A afirmação que dá título a este artigo parece óbvia, mas é necessária. Em mais de cinco décadas, o movimento social e a comunidade técnica (urbanistas em especial) - por caminho difícil, sinuoso, mas progressivo - produziram conteúdo programático sobre a questão urbana consentâneo com as necessidades objetivas do desenvolvimento do país na atualidade. Entretanto, os poderes Executivo e Legislativo, nos três níveis federativos, têm se mostrado lenientes na viabilização da Reforma - que segue atrasada e claudicante. As manifestações de junho do ano passado, em que mais de um milhão de brasileiros foi às ruas reclamar das condições de vida nas cidades, em particular da má qualidade dos serviços públicos, recolocaram o tema na ordem do dia.

A realização da 5ª Conferência Nacional das Cidades, por seu turno, em novembro do ano passado, se propôs retomar a empreitada. Como a própria presidenta Dilma assinalou na ocasião, -foram os movimentos populares que lutaram pelo Fundo Nacional de Habitação de Interesse Social e que por sua vez possibilitou a implantação do Minha Casa Minha Vida. Foi a luta que levou à criação do Ministério das Cidades. Muito foi feito, mas as pessoas têm pressa-.

O impasse urbano

Na verdade, na sequência da -explosão urbana-, que mudou radicalmente a distribuição espacial da população brasileira (em 1940 residiam nas cidades apenas 31% dos brasileiros; por volta dos anos 1980, nelas já se encontravam mais de 75% da população; e em 2000, 82%, segundo os critérios do IBGE), o crescimento populacional sob a estagnação econômica (as chamadas -décadas perdidas-) impôs às cidades novos desafios. A gama de dinâmicas - demográfica, social, econômica, urbana e ambiental - que impulsiona alterações no perfil da ocupação e do uso do território levou ao agravamento das desigualdades socioespaciais.

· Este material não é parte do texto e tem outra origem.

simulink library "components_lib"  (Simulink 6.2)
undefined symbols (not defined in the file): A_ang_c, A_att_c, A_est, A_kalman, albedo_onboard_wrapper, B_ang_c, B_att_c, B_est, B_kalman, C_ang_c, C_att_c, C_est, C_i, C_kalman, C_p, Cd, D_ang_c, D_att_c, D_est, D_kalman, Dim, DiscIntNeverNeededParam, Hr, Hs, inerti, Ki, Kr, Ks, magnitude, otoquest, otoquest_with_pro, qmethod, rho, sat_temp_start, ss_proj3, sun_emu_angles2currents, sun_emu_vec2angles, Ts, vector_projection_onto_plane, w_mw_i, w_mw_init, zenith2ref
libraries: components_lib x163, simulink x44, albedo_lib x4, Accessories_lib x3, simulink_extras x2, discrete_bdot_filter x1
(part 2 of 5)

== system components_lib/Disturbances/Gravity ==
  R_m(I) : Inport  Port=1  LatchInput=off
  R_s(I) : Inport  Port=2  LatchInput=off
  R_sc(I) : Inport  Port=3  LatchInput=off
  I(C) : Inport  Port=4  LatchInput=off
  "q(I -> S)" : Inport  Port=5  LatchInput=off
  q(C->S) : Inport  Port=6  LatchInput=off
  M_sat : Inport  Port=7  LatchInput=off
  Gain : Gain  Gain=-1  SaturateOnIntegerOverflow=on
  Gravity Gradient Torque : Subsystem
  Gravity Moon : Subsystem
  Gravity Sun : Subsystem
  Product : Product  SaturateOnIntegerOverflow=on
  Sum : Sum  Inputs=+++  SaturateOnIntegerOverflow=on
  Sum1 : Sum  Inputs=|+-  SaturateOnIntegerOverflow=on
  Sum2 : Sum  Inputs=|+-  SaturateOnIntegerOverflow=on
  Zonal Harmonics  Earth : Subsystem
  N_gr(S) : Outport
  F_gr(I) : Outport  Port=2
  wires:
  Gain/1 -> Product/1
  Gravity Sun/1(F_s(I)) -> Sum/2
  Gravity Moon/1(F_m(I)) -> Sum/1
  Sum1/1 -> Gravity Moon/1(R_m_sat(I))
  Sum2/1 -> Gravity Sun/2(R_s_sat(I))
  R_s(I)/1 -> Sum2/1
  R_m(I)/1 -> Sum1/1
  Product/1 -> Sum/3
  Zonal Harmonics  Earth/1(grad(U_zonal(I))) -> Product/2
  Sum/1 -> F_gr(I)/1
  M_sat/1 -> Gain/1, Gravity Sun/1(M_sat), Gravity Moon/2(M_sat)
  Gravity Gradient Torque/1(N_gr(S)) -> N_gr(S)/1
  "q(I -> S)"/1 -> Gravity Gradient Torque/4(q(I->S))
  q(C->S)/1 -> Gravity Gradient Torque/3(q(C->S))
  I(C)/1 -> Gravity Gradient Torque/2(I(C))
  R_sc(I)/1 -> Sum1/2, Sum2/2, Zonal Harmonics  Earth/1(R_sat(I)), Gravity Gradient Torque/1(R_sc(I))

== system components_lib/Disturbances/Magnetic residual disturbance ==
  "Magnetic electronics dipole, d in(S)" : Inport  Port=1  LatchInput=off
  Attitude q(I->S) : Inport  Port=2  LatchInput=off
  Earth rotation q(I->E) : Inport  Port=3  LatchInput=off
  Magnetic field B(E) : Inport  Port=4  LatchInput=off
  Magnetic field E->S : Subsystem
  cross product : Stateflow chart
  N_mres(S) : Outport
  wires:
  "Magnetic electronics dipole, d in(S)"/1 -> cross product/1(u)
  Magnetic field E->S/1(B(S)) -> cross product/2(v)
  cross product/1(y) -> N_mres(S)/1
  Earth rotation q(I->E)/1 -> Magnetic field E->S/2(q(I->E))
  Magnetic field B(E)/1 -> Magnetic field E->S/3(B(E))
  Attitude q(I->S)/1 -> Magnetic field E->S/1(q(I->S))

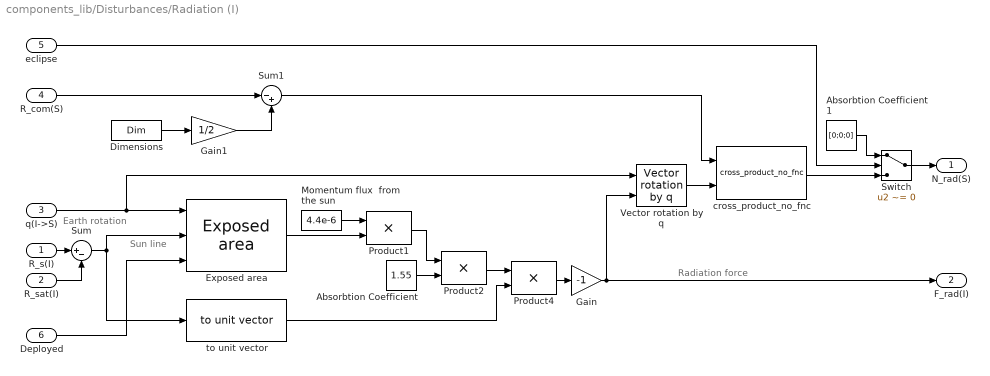
== system components_lib/Disturbances/Radiation (I) ==
  note: Sun line
  note: Earth rotation
  note: Radiation force
  R_s(I) : Inport  Port=1  LatchInput=off
  R_sat(I) : Inport  Port=2  LatchInput=off
  q(I->S) : Inport  Port=3  LatchInput=off
  R_com(S) : Inport  Port=4  LatchInput=off
  eclipse : Inport  Port=5  LatchInput=off
  Deployed : Inport  Port=6  LatchInput=off
  Absorbtion Coefficient : Constant  Value=1.55
  Absorbtion Coefficient1 : Constant  Value=[0;0;0]
  Dimensions : Constant  Value=Dim
  Exposed area : components_lib/Disturbances/Exposed area  dim_sat_area=Dim  dim_sat_array=[-0.30,-0.30]
  Gain : Gain  Gain=-1  SaturateOnIntegerOverflow=on
  Gain1 : Gain  Gain=1/2  SaturateOnIntegerOverflow=on
  Momentum flux  from the sun : Constant  Value=4.4e-6
  Product1 : Product  SaturateOnIntegerOverflow=on
  Product2 : Product  SaturateOnIntegerOverflow=on
  Product4 : Product  SaturateOnIntegerOverflow=on
  Sum : Sum  Inputs=|+-  SaturateOnIntegerOverflow=on
  Sum1 : Sum  Inputs=|-+
  Switch : Switch  Criteria=u2 ~= 0
  Vector rotation by q : components_lib/Math utilities/Quaternion operations/Vector rotation by q
  cross_product_no_fnc : components_lib/Math utilities/Vector operations/cross_product_no_fnc
  to unit vector : components_lib/Math utilities/Vector operations/to unit vector
  N_rad(S) : Outport
  F_rad(I) : Outport  Port=2
  wires:
  Absorbtion Coefficient1/1 -> Switch/1
  Switch/1 -> N_rad(S)/1
  R_s(I)/1 -> Sum/1
  R_sat(I)/1 -> Sum/2
  q(I->S)/1 -> Vector rotation by q/1, Exposed area/1
  Sum/1 -> to unit vector/1, Exposed area/2
  Product1/1 -> Product2/1
  Absorbtion Coefficient/1 -> Product2/2
  Product2/1 -> Product4/1
  to unit vector/1 -> Product4/2
  Product4/1 -> Gain/1
  Gain/1 -> F_rad(I)/1, Vector rotation by q/2
  Vector rotation by q/1 -> cross_product_no_fnc/2
  Exposed area/1 -> Product1/2
  Momentum flux  from the sun/1 -> Product1/1
  cross_product_no_fnc/1 -> Switch/3
  eclipse/1 -> Switch/2
  Dimensions/1 -> Gain1/1
  R_com(S)/1 -> Sum1/1
  Gain1/1 -> Sum1/2
  Sum1/1 -> cross_product_no_fnc/1
  Deployed/1 -> Exposed area/3

== system components_lib/Dynamics and Kinematics/Spacecraft Dynamics ==
  Initial angular velocity W_i(S) : Inport  Port=1  LatchInput=off
  Initial attitude q(I->S) : Inport  Port=2  LatchInput=off
  Controller frame  q(S->C) : Inport  Port=3  LatchInput=off
  Spacecraft Inertia I(C) : Inport  Port=4  LatchInput=off
  N_mt(S) : Inport  Port=5  LatchInput=off
  N_mw(S) : Inport  Port=6  LatchInput=off
  H_mw(S) : Inport  Port=7  LatchInput=off
  Disturbance N_dist(S) : Inport  Port=8  LatchInput=off
  deployed : Inport  Port=9  LatchInput=off
  Inertia deployed I_d(C) : Inport  Port=10  LatchInput=off
  Reverse quaternion rotation : components_lib/Math utilities/Quaternion operations/Reverse quaternion rotation
  Rotation of q1 by q1 : components_lib/Math utilities/Quaternion operations/Rotation of q1 by q2
  Rotation of q1 by q2 : components_lib/Math utilities/Quaternion operations/Rotation of q1 by q2
  Sum : Sum  Inputs=+++  SaturateOnIntegerOverflow=on
  Switch : Switch  Criteria=u2 > Threshold
  Vector rotation by q{,1..3} (4 alike) : components_lib/Math utilities/Vector operations/Vector rotation by q
  sc-dynamics : S-Function  FunctionName=scdynamics
  w to q : components_lib/Math utilities/Quaternion operations/w to q
  Attitude q(I->S) : Outport
  Angular velocity W(S) : Outport  Port=2
  wires:
  N_mw(S)/1 -> Sum/1
  Disturbance N_dist(S)/1 -> Sum/3
  N_mt(S)/1 -> Sum/2
  Vector rotation by q1/1 -> sc-dynamics/2
  Rotation of q1 by q1/1 -> Attitude q(I->S)/1
  sc-dynamics/1 -> Vector rotation by q3/2, w to q/1
  H_mw(S)/1 -> Vector rotation by q2/2
  w to q/1 -> Rotation of q1 by q1/1
  Rotation of q1 by q2/1 -> w to q/2
  Vector rotation by q3/1 -> Angular velocity W(S)/1
  Reverse quaternion rotation/1 -> Vector rotation by q3/1, Rotation of q1 by q1/2
  Vector rotation by q2/1 -> sc-dynamics/3
  Vector rotation by q/1 -> sc-dynamics/1
  Initial attitude q(I->S)/1 -> Rotation of q1 by q2/1
  Controller frame  q(S->C)/1 -> Vector rotation by q/1, Rotation of q1 by q2/2, Vector rotation by q1/1, Reverse quaternion rotation/1, Vector rotation by q2/1
  Initial angular velocity W_i(S)/1 -> Vector rotation by q/2
  Sum/1 -> Vector rotation by q1/2
  Switch/1 -> sc-dynamics/4
  Inertia deployed I_d(C)/1 -> Switch/1
  Spacecraft Inertia I(C)/1 -> Switch/3
  deployed/1 -> Switch/2

== system components_lib/Math utilities/Quaternion operations ==
  Quarternion error : Subsystem
  Quaternion inverter : Subsystem
  Quaternion mulitiplication : S-Function  FunctionName=qmul
  Reverse quaternion rotation : Subsystem
  Rotation from q1 to q2 : Subsystem
  Rotation of q1 by q2 : Subsystem
  Vector rotation by q : Subsystem
  qmul no func : Subsystem
  quaternion composition : Subsystem
  quaternion decomposition : Subsystem
  quaternion expansion : Subsystem
  quaternion2euler : Subsystem
  w to q : Subsystem
  ||q|| : Subsystem

== system components_lib/Math utilities/Vector operations ==
  Projection of a onto b : Subsystem
  Vector rotation by q : Subsystem
  cross_product : Subsystem
  cross_product_no_fnc : Subsystem
  modulus : Subsystem
  norm : Subsystem
  pow : Subsystem  Description=u^v
  sign : Subsystem
  to unit vector : Subsystem
  vector projection onto plane : Subsystem
  ||V|| : MATLABFcn  MATLABFcn=norm

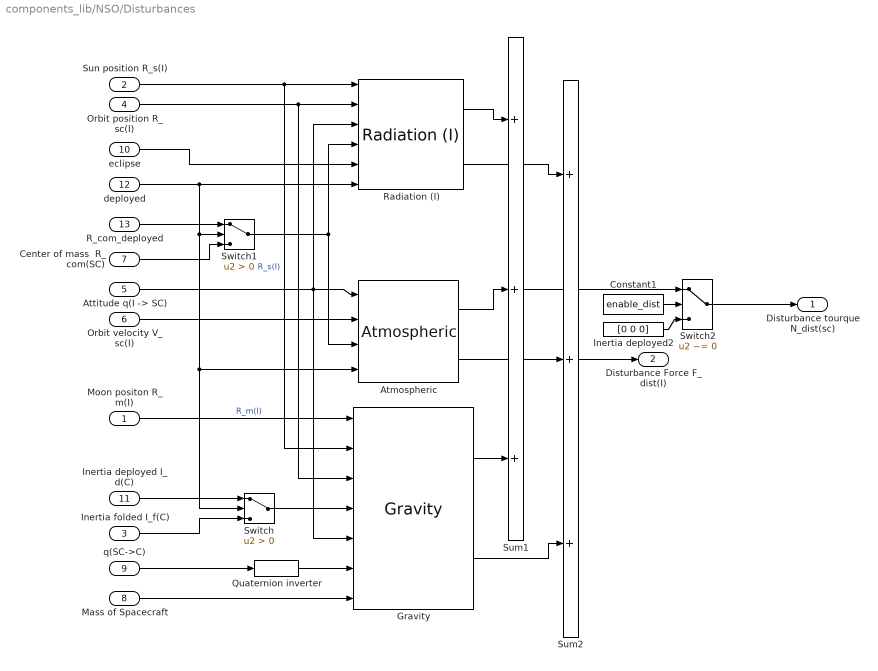
== system components_lib/NSO/Disturbances ==
  Moon positon R_m(I) : Inport  Port=1  LatchInput=off
  Sun position R_s(I) : Inport  Port=2  LatchInput=off
  Inertia folded I_f(C) : Inport  Port=3  LatchInput=off
  Orbit position R_sc(I) : Inport  Port=4  LatchInput=off
  "Attitude q(I -> SC)" : Inport  Port=5  LatchInput=off
  Orbit velocity V_sc(I) : Inport  Port=6  LatchInput=off
  Center of mass  R_com(SC) : Inport  Port=7  LatchInput=off
  "Mass of Spacecraft " : Inport  Port=8  LatchInput=off
  q(SC->C) : Inport  Port=9  LatchInput=off
  eclipse : Inport  Port=10  LatchInput=off
  Inertia deployed I_d(C) : Inport  Port=11  LatchInput=off
  deployed : Inport  Port=12  LatchInput=off
  R_com_deployed : Inport  Port=13  LatchInput=off
  Atmospheric : components_lib/Disturbances/Atmospheric
  Constant1 : Constant  Value=enable_dist
  Gravity : components_lib/Disturbances/Gravity  G=6.673e-11  M_sun=1.98892e30  M_moon=7.36e22  M_earth=5.9742e24
  Inertia deployed2 : Constant  Value=[0 0 0]
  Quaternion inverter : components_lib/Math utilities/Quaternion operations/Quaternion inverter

Como indicam as estatísticas disponíveis, o crescimento das metrópoles perde terreno para as cidades de porte médio (de 100.000 a 500.000 habitantes), tanto do ponto de vista da produção de riquezas como da população. Isto num ambiente crescentemente explosivo, sob rebaixamento de políticas sociais e de primazia de políticas de alta concentração da renda e da riqueza e de exclusão social, que marcou os anos 1980 e 1990 e se estendeu pelos dois governos FHC. Como menciona o texto de referência da 5ª Conferência Nacional das Cidades, verifica-se hoje, -de um lado, o aprofundamento da periferização das grandes metrópoles, com o aumento populacional nos municípios da fronteira metropolitana e expansão das favelas e loteamentos irregulares; de outro, o aparecimento de núcleos de classe média e condomínios fechados na periferia, tornando o espaço urbano mais complexo, desigual e heterogêneo.- (1).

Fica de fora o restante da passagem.